Great news, I hope he will be with us the next years :cheers:


----------



## edwardcyh (Dec 13, 2005)

Tersk said:


> And I'm sure Nash said he wanted to as well.


Like previous posters stated, when Nash's contract came up, he was very straight-forward in saying that he prefers to stay in Dallas, but would keep his options open.

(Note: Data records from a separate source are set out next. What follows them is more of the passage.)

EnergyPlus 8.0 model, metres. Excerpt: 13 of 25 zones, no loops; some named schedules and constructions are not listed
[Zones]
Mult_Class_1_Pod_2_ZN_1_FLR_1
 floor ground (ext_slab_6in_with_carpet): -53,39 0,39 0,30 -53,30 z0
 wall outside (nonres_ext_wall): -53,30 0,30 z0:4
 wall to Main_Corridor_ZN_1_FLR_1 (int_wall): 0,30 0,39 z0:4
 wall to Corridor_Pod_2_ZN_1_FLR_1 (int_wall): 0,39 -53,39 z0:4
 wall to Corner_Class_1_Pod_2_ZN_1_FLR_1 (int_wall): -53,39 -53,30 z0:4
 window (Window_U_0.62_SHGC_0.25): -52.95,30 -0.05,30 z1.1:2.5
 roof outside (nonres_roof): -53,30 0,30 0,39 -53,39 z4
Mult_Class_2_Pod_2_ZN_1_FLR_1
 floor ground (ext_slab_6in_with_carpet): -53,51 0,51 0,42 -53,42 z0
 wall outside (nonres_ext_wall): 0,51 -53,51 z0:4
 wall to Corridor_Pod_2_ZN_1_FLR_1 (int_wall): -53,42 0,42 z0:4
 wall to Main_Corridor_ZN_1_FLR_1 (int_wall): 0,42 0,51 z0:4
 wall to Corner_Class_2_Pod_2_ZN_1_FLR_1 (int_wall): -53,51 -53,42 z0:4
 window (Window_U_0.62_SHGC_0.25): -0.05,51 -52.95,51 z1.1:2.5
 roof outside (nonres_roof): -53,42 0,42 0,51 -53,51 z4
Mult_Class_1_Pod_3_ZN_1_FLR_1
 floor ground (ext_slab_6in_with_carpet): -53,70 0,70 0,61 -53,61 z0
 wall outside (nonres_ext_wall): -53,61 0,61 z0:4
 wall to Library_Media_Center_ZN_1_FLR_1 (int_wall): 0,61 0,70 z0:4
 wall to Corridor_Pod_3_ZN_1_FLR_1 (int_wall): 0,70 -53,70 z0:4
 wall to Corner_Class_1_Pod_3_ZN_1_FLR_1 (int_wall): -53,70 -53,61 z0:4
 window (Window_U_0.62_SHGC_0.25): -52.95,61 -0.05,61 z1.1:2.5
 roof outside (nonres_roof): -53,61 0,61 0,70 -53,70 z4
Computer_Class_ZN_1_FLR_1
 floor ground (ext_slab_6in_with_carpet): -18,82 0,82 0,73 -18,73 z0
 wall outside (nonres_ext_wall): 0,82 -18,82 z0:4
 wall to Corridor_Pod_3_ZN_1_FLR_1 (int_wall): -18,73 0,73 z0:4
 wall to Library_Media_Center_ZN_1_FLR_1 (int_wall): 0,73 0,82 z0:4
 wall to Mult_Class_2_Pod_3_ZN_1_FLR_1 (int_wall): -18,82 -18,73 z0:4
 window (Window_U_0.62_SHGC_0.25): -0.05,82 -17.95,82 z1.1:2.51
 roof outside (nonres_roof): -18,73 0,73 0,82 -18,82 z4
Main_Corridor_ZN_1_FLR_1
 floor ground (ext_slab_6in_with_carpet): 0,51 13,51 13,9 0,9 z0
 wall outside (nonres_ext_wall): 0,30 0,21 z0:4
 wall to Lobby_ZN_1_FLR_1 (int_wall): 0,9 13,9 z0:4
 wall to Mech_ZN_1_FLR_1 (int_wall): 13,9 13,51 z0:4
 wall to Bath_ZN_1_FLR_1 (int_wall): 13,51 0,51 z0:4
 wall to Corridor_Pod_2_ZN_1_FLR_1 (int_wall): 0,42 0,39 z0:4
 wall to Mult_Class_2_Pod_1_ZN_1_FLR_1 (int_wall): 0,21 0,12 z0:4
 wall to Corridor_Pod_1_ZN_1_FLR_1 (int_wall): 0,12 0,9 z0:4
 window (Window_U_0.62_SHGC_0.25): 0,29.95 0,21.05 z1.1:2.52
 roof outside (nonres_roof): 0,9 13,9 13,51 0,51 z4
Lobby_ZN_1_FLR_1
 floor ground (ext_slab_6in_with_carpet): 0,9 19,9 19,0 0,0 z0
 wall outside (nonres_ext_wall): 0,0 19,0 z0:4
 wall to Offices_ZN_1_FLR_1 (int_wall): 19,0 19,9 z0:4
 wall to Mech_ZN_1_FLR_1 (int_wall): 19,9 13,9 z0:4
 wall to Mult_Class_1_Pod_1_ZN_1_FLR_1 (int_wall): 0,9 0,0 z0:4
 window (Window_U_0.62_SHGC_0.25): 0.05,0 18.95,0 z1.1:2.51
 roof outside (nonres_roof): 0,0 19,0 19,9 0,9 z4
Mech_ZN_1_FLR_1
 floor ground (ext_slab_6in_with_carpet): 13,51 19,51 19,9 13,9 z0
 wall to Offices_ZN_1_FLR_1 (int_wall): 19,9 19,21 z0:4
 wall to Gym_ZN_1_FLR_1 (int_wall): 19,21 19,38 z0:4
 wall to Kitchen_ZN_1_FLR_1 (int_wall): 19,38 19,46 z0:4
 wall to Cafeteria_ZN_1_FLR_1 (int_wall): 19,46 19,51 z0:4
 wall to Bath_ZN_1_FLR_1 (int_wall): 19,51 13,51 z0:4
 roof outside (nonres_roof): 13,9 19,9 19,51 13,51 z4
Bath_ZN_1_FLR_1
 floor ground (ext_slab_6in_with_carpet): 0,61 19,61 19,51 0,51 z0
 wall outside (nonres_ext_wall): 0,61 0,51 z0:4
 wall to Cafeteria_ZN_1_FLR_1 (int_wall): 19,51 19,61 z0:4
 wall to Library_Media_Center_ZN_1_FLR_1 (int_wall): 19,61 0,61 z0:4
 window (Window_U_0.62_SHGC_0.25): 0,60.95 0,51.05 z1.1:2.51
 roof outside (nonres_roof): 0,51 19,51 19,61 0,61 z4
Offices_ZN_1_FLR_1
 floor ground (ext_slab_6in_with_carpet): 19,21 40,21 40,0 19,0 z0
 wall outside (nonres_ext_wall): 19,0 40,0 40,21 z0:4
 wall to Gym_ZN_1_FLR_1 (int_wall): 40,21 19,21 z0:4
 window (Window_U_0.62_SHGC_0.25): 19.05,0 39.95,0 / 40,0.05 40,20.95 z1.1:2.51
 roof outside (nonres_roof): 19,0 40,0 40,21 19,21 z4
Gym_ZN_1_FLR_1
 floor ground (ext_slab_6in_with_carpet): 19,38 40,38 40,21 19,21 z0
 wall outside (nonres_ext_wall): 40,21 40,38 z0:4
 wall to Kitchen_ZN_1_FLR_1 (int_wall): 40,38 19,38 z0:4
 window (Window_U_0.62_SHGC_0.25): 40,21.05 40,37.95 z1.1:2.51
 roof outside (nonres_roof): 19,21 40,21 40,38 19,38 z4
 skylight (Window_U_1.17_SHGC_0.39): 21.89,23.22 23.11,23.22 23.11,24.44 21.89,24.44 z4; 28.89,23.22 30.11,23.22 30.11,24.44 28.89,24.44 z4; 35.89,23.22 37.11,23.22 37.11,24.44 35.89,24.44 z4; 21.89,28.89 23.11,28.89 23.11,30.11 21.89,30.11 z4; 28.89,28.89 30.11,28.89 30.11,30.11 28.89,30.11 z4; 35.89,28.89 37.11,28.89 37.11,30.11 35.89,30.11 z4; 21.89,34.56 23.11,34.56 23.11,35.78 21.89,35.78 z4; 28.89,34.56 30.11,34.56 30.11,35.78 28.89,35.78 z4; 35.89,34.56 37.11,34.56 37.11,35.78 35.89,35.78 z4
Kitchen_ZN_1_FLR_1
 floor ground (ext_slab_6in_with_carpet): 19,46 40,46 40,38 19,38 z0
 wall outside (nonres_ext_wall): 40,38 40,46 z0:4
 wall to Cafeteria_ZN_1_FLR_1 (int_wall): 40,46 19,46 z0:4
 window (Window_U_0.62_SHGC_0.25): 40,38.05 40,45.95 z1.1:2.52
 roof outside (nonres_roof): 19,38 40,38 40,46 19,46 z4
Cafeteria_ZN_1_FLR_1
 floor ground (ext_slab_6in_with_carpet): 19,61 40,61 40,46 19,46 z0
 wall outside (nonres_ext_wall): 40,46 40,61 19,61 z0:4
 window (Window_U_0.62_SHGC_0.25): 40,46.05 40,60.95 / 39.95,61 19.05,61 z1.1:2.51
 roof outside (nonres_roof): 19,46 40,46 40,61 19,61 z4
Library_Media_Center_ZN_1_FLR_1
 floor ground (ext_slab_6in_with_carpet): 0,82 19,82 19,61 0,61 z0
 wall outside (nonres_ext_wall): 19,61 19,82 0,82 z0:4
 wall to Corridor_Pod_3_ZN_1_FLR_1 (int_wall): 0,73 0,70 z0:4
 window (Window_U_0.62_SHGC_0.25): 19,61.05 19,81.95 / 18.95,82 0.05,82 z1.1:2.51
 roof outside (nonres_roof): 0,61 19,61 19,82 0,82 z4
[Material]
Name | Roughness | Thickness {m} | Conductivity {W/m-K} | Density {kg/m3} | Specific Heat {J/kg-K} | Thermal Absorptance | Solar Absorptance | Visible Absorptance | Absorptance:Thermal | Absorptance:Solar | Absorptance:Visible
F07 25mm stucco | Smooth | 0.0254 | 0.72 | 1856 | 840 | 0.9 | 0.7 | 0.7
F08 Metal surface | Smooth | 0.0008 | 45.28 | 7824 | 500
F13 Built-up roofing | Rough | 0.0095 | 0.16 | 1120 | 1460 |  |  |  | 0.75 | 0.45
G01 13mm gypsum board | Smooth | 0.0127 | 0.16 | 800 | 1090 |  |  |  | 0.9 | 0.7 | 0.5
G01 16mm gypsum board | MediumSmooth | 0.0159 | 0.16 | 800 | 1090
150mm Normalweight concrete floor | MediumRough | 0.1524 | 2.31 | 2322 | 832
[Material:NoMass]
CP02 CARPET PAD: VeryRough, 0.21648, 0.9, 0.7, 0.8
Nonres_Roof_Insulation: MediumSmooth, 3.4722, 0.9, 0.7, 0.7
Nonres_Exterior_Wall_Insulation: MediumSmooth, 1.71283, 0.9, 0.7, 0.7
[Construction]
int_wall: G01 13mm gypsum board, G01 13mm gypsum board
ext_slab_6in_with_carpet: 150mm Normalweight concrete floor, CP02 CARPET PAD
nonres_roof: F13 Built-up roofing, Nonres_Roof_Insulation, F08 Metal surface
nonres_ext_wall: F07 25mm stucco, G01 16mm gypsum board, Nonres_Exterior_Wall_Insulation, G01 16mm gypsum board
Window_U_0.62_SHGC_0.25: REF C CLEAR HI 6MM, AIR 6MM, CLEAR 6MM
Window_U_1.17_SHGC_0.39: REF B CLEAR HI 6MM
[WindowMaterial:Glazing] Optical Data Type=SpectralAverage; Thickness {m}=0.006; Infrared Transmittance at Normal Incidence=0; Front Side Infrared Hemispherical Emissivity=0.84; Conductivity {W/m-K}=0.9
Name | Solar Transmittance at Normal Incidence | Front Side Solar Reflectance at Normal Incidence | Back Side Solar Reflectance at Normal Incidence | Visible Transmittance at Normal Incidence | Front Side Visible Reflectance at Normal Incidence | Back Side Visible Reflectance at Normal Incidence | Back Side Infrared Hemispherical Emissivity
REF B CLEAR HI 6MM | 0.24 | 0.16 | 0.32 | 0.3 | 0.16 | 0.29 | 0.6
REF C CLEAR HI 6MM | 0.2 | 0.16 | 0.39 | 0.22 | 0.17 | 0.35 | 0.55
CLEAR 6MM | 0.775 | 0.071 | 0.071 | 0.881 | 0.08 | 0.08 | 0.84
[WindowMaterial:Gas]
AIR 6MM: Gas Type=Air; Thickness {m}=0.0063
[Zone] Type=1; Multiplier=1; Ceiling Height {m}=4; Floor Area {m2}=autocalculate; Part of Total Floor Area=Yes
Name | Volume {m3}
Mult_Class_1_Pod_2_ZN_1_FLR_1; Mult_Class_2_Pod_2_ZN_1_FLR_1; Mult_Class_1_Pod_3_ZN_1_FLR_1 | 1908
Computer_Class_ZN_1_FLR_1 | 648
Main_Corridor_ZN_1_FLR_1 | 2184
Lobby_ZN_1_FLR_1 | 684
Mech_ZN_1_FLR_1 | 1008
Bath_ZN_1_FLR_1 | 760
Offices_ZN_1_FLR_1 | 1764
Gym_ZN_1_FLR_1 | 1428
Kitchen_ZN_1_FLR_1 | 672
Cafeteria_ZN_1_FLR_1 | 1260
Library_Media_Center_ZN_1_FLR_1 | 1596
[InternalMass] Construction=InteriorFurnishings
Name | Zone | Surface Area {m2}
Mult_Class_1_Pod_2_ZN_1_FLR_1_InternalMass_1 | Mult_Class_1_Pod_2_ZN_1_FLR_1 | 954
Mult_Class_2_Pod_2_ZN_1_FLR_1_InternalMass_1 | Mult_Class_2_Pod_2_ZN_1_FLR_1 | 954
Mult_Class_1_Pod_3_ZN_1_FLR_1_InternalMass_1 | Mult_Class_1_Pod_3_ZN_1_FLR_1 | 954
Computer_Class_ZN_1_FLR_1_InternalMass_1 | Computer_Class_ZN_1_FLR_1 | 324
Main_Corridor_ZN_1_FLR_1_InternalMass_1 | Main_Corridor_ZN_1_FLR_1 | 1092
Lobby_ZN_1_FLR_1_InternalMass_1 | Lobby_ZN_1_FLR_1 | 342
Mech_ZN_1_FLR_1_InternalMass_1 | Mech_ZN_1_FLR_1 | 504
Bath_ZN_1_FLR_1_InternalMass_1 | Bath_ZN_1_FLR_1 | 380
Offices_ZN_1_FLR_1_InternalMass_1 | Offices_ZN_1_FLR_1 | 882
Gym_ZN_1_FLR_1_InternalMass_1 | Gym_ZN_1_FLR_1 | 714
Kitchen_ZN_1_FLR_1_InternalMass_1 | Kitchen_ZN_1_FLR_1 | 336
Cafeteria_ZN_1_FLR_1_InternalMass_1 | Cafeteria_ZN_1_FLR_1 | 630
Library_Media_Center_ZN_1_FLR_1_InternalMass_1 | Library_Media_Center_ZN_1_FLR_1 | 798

Terry is actually saying "I'm looking to be right back here next year." JET also has a radio show to attend to during the regular season on ESPN. LOL

:cheers:


----------



## Jizzy (Aug 24, 2005)

JET is going to resign. I don't see to many other teams he would fit in as well as he does in Dallas. Plus he had some huge games in Miami and is arguably your clutchest player.


----------



## Saint Baller (May 3, 2006)

I just hope he is okay if we offer him a small scontract... If he takes the small contract then we will have more money to sing other FA's to help the team like Jared Jeffries


----------



## The Future7 (Feb 24, 2005)

I already knew he wanted to be back in Dallas. He can resist. I just hope he gets a reasonable contract.. A lot of teams will be after him.


----------



## Saint Baller (May 3, 2006)

Another article
http://sports.espn.go.com/nba/playoffs2006/news/story?id=2495383

I hope he is okay with anything we give him, small or big

I'd like him to take a small one so we can sign some FA's


----------



## Ninjatune (May 1, 2006)

I'm sure JET will be back in Dallas. Cuban won't insult with with a lowball offer. He and the entire organization know Terrys worth to this team and they will compensate him accordingly.


----------



## Jet (Jul 1, 2005)

Im hoping that Jason gets a reasonable contract and resigns.. And hopefully Pheonix wont offer more... lol


----------



## edwardcyh (Dec 13, 2005)

How much do you guys think Cuban will offer?


----------



## The Future7 (Feb 24, 2005)

30mil over 4 years is good.
32mil over 4 years.
One of those.


----------



## ShuHanGuanYu (Feb 3, 2005)

I'm thinking he gets something like a 5 year $45-48 million deal. He makes $7.5 now, and I think he'll be offered a deal that keeps him around there with increases up to $10mil later in the contract. JET is a core piece on your team, and he will definitely be resigned at any cost. Moneybags paid about $100 million in salary this year due to luxury tax. If Terry is resigned at the deal I mentioned above, Dallas only pays $3-4 mil in luxury tax. Cuban is only paying around $83 million in total salary. He's saving $17 million dollars even though he gets a resigned Terry. Plus, some are saying the salary cap and therefore the luxury tax level are going to increase next year.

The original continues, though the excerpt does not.